So Happy Together? You and Android Lollipop Should Never Be Apart, Ads Say

Android wants to be with you. Everywhere. All the time. Is that so wrong?

The Google-developed platform doubles down on the “togetherness” theme in work touting its new Android 5.0 Lollipop OS. That system runs across mobile, wearables, TVs and a range of other devices, including the Nexus 6 smartphone (built by Motorola) and Nexus 9 tablet (from HTC), both of which dropped this week amid much fanfare.
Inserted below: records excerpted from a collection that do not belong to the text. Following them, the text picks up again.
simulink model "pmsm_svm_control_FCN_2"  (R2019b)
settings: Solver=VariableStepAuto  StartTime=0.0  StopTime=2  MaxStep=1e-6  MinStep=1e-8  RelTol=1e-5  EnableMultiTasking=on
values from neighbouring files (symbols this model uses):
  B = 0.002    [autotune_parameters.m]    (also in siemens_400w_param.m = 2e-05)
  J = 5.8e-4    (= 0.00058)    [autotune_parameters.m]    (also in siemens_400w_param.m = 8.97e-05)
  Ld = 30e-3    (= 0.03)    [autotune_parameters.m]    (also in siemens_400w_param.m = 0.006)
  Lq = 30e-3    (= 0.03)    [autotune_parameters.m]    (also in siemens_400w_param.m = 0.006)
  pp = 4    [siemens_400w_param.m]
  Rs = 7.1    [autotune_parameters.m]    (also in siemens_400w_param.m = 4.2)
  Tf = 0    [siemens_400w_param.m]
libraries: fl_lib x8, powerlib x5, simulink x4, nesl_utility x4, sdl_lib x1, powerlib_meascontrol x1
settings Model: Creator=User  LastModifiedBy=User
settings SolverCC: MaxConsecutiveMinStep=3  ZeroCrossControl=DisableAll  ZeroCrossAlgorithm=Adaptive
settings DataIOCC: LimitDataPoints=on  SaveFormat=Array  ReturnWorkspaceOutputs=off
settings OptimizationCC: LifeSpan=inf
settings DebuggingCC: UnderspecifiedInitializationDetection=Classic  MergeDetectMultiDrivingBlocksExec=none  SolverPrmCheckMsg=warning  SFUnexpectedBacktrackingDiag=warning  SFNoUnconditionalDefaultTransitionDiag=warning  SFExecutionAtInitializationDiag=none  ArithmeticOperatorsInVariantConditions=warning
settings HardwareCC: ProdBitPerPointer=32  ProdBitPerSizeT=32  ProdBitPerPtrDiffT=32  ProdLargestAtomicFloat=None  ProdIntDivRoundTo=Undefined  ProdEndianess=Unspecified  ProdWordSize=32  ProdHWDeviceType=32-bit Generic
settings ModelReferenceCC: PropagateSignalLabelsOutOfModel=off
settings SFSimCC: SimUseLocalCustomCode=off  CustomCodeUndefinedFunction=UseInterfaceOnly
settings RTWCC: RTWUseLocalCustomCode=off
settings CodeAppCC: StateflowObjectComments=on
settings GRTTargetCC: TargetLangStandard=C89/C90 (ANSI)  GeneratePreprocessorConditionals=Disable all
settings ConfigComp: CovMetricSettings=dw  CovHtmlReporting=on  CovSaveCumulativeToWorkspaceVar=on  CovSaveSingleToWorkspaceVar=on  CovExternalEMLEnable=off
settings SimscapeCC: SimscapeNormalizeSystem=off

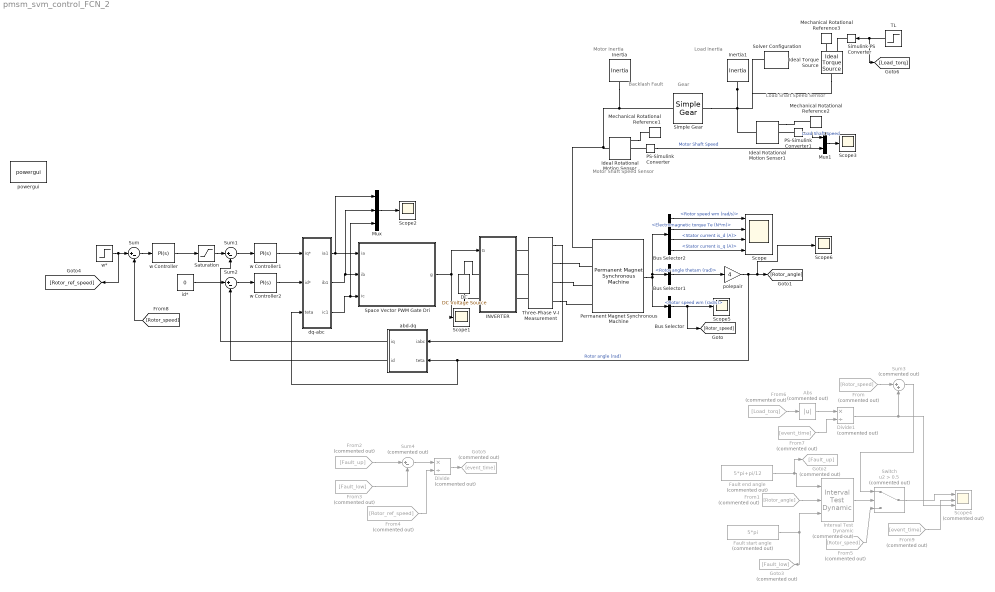
== system pmsm_svm_control_FCN_2 ==
  note: Motor Inertia
  note: Load Inertia
  note: Motor Shaft
      | Speed Sensor
  note: Load Shaft
      | Speed Sensor
  note: Gear
  note: Backlash
      | Fault
  Abs : Abs  Commented=on
  Bus Selector : BusSelector  OutputSignals=Rotor speed wm (rad/s)
  Bus Selector1 : BusSelector  OutputSignals=Rotor angle thetam (rad)
  Bus Selector2 : BusSelector  OutputSignals=Rotor speed wm (rad/s),Electromagnetic torque Te (N*m),Stator current is_d (A),Stator current is_q (A)
  DC : powerlib/Electrical Sources/DC Voltage Source  Amplitude=160  Measurements=None
      settings: SourceProductName=Simscape Electrical
  Divide : Product  Commented=on  Inputs=*/
  Divide1 : Product  Commented=on  Inputs=*/
  Fault end angle : Constant  Commented=on  Value=5*pi+pi/12
  Fault start angle : Constant  Commented=on  Value=5*pi
  From : From  Commented=on  GotoTag=Rotor_speed
  From1 : From  Commented=on  GotoTag=Rotor_angle
  From2 : From  Commented=on  GotoTag=Fault_up
  From3 : From  Commented=on  GotoTag=Fault_low
  From4 : From  Commented=on  GotoTag=Rotor_ref_speed
  From5 : From  Commented=on  GotoTag=Rotor_speed
  From6 : From  Commented=on  GotoTag=Load_torq
  From7 : From  Commented=on  GotoTag=event_time
  From9 : From  Commented=on  GotoTag=event_time
  Goto2 : Goto  Commented=on  GotoTag=Fault_up
  Goto3 : Goto  Commented=on  GotoTag=Fault_low
  Goto5 : Goto  Commented=on  GotoTag=event_time
  INVERTER : Subsystem
  Ideal Rotational Motion Sensor : fl_lib/Mechanical/Mechanical Sensors/Ideal Rotational Motion Sensor  offset=0 rad
  Ideal Rotational Motion Sensor1 : fl_lib/Mechanical/Mechanical Sensors/Ideal Rotational Motion Sensor  offset=0 rad
  Ideal Torque Source : fl_lib/Mechanical/Mechanical Sources/Ideal Torque Source
  Inertia : fl_lib/Mechanical/Rotational Elements/Inertia  inertia=8.97e-5 kg*m^2  w_specify=off  w_priority=High  w=0 rad/s  w_nominal_specify=off  w_nominal_unit=rad/s  w_nominal_value=1  t_specify=off  t_priority=None  t=0 N*m  t_nominal_specify=off  t_nominal_unit=N*m  t_nominal_value=1
  Inertia1 : fl_lib/Mechanical/Rotational Elements/Inertia  inertia=0.001 kg*m^2  w_specify=off  w_priority=High  w=0 rad/s  w_nominal_specify=off  w_nominal_unit=rad/s  w_nominal_value=1  t_specify=off  t_priority=None  t=0 N*m  t_nominal_specify=off  t_nominal_unit=N*m  t_nominal_value=1
  Interval Test Dynamic : simulink/Logic and Bit Operations/Interval Test Dynamic  Commented=on  IntervalClosedRight=on  IntervalClosedLeft=on  OutDataTypeStr=boolean
      settings: SourceProductName=Simulink  SourceProductBaseCode=SL
  Mechanical Rotational Reference1 : fl_lib/Mechanical/Rotational Elements/Mechanical Rotational Reference
  Mechanical Rotational Reference2 : fl_lib/Mechanical/Rotational Elements/Mechanical Rotational Reference
  Mechanical Rotational Reference3 : fl_lib/Mechanical/Rotational Elements/Mechanical Rotational Reference
  Mux : Mux  Inputs=3
  Mux1 : Mux  Inputs=2
  PS-Simulink Converter : nesl_utility/PS-Simulink Converter  PhysicalDomain=network_engine_domain  SubClassName=ps_output  LeftPortType=input  RightPortType=output  PseudoPeriodic=off  Frequencies=[]  Unit=inherit  AffineConversion=off
  PS-Simulink Converter1 : nesl_utility/PS-Simulink Converter  PhysicalDomain=network_engine_domain  SubClassName=ps_output  LeftPortType=input  RightPortType=output  PseudoPeriodic=off  Frequencies=[]  Unit=inherit  AffineConversion=off
  Permanent Magnet Synchronous Machine : powerlib/Machines/Permanent Magnet Synchronous Machine  NbPhases=3  FluxDistribution=Sinusoidal  RotorType=Round  MechanicalLoad=Mechanical rotational port  PresetModel=No  ShowDetailedParameters=on  MeasurementBus=off  Resistance=Rs  Inductance=8.5e-3  dqInductances=[Ld,Lq]  La=Ld  MachineConstant=Flux linkage established by magnets (V.s)  Flux=phi_magnet  VoltageCst=55.6474  TorqueCst=0.4602  Flat=120  Mechanical=[J B pp Tf]  PolePairs=4  InitialConditions=[0,0, 0,0]  InitialConditions5ph=[0 0 0 0 0 0]  RefAngle=Aligned with phase A axis (original Park)  IterativeDiscreteModel=Trapezoidal non iterative  TsBlock=-1  TsPowergui=0
  Saturation : Saturate  UpperLimit=1.27  LowerLimit=-1.27
  Scope : Scope  NumInputPorts=4
  Scope{1..3,5..6} (5 alike) : Scope
  Scope4 : Scope  Commented=on  NumInputPorts=3
  Simple Gear : sdl_lib/Gears/Simple Gear  ratio=1  rotation_direction=1  friction_model=sdl.enum.gear_efficiencies_load.off  T_noload=0.1 N*m  T_nom=5 N*m  efficiency_nom=0.8  efficiency=0.8  mu_visc=[0, 0] N*m/(rad/s)  w_thr=0.01 rad/s  pwr_thr=0.001 W  enable_faults=simscape.enum.onoff.off  efficiency_fault=0.05  external_fault=simscape.enum.onoff.off  temporal_fault=simscape.enum.onoff.off  fault_time=5 s  fault_angles=pi / 12 rad  report_fault=1  temperature_TLU=[280, 300, 320] K  load_TLU=[1, 5, 10] N*m  efficiency_TLU=[.95, .9, .85]  efficiency_TLU2=[.85, .8, .75; .95, .9, .85; .85, .8, .7]  thermal_mass=50 J/K  T_init=300 K
      settings: SourceProductName=Simscape Driveline
  Simulink-PS Converter : nesl_utility/Simulink-PS Converter  PhysicalDomain=network_engine_domain  SubClassName=ps_input  LeftPortType=input  RightPortType=output  PseudoPeriodic=off  Frequencies=[]  NoiseDistribution=none  NoiseParameters=[]  Unit=1  AffineConversion=off  FilteringAndDerivatives=provide  SimscapeFilterOrder=1  InputFilterTimeConstant=0.001  UdotUserProvided=0
  Solver Configuration : nesl_utility/Solver Configuration  PhysicalDomain=network_engine_domain  SubClassName=solver  LeftPortType=input  RightPortType=generic  Tones=[]  Harmonics=[]  SimulateNoise=off  Profile=off  UseLocalSampling=off  EnableSwitchedLinearOptims=on  FrequencyDomain=off  UseCCode=off  RelTol=0.001  AbsTol=1e-06  MinStep=1e-09  ToWorkspace=off  RevertToSquareIcSolve=off  NumHomotopyIterations=100  PhasorMode=off  PhasorModeNumHarmonics=1  DoDC=off  ResidualTolerance=1e-09  UseLocalSolver=off  LocalSolverChoice=NE_PARTITIONING_ADVANCER  LocalSolverSampleTime=0.001  DoFixedCost=off  MaxNonlinIter=3  MaxModeIter=2  LinearAlgebra=auto  EquationFormulation=NE_TIME_EF  DelaysMemoryBudget=1024  AutomaticFiltering=on  FilteringTimeConstant=0.001  PartitionStorageMethod=AS_NEEDED  PartitionMemoryBudget=1024  PartitionMethod=FAST
  Space Vector PWM Gate Dri : Subsystem
  Sum : Sum  Inputs=|+-
  Sum1 : Sum  Inputs=|+-
  Sum2 : Sum  Inputs=|+-
  Sum3 : Sum  Commented=on  Inputs=|++
  Sum4 : Sum  Commented=on  Inputs=|+-
  Switch : Switch  Commented=on  Criteria=u2 > Threshold  Threshold=0.5
  TL : Step  Before=-1  SampleTime=0
  Three-Phase V-I Measurement : powerlib/Measurements/Three-Phase V-I Measurement  VoltageMeasurement=no  SetLabelV=off  LabelV=Vabc  Vpu=off  VpuLL=off  CurrentMeasurement=yes  SetLabelI=off  LabelI=Iabc  Ipu=off  Pbase=100e6  Vbase=500e3  OutputType=Complex  PhasorSimulation=off  PSBequivalent=0
      settings: SourceProductName=Simscape Electrical
  abd-dq : Subsystem
  dq-abc : Subsystem
  id* : Constant  Value=0
  polepair : Gain  Gain=4
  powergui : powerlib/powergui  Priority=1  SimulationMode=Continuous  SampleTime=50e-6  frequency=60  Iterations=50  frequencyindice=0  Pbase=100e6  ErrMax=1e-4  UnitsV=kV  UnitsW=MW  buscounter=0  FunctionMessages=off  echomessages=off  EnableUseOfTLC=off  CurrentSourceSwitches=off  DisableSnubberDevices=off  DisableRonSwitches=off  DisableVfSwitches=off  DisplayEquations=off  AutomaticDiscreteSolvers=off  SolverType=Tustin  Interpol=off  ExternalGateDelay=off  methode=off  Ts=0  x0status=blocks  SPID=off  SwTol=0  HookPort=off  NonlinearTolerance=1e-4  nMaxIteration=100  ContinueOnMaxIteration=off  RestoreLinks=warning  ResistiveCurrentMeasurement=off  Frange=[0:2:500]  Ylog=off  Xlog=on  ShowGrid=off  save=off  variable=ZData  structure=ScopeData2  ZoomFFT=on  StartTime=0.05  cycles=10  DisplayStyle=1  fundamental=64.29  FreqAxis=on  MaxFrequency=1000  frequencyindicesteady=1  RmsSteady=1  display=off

“Be together. Not the same” is Android’s new tagline, introduced in a trio of 30-second animated spots on Sunday during the season premiere of AMC’s The Walking Dead. The South Park-y visuals are strictly G-rated and give the ads, which teased the Nexus 6 and 9 handsets a few days before their Wednesday release, a distinctive flair.

Those clips were followed by a pair of minute-long spots that expand the campaign’s message by emphasizing the “And” in Android. One mixes animation with live-action shots of diverse folks enjoying life and interacting in positive ways with technology (backed by the inspired musical choice of Andrew W.K.’s anthemic “Party Hard”).

The second spot ditches the animation but really lays out Google’s vision. A voiceover begins: “Remember back in school, when you either invited the new kid over to your table, or you didn’t? If you did, that was a cool move. That was an AND move. ‘And moves’ take guts, but they can mean everything.”

Footage of the Wright Brothers and Martin Luther King Jr. follows, stressing how inclusiveness combined with independent thought drives innovation and change. “Everyone doing the same thing won’t move us forward. Everyone doing their own thing, together, can.”

“As you switch from one screen to another, the experience should feel the same. So Lollipop has a consistent design across devices,” writes Sundar Pichai, svp of Android, Chrome and Apps, on Google’s blog. “Now, content responds to your touch, or even your voice, in more intuitive ways, and transitions between tasks are more fluid.”

Overall, the campaign, devised by Google Creative Lab, presents an appealing tech-topian notion that’s on point for our hyper-connected times. Still, there’s a nagging Big Brother vibe just beneath the surface. Isn’t Google ubiquitous enough already? When we’re “being together” with others, must a piece of software participate in every interaction?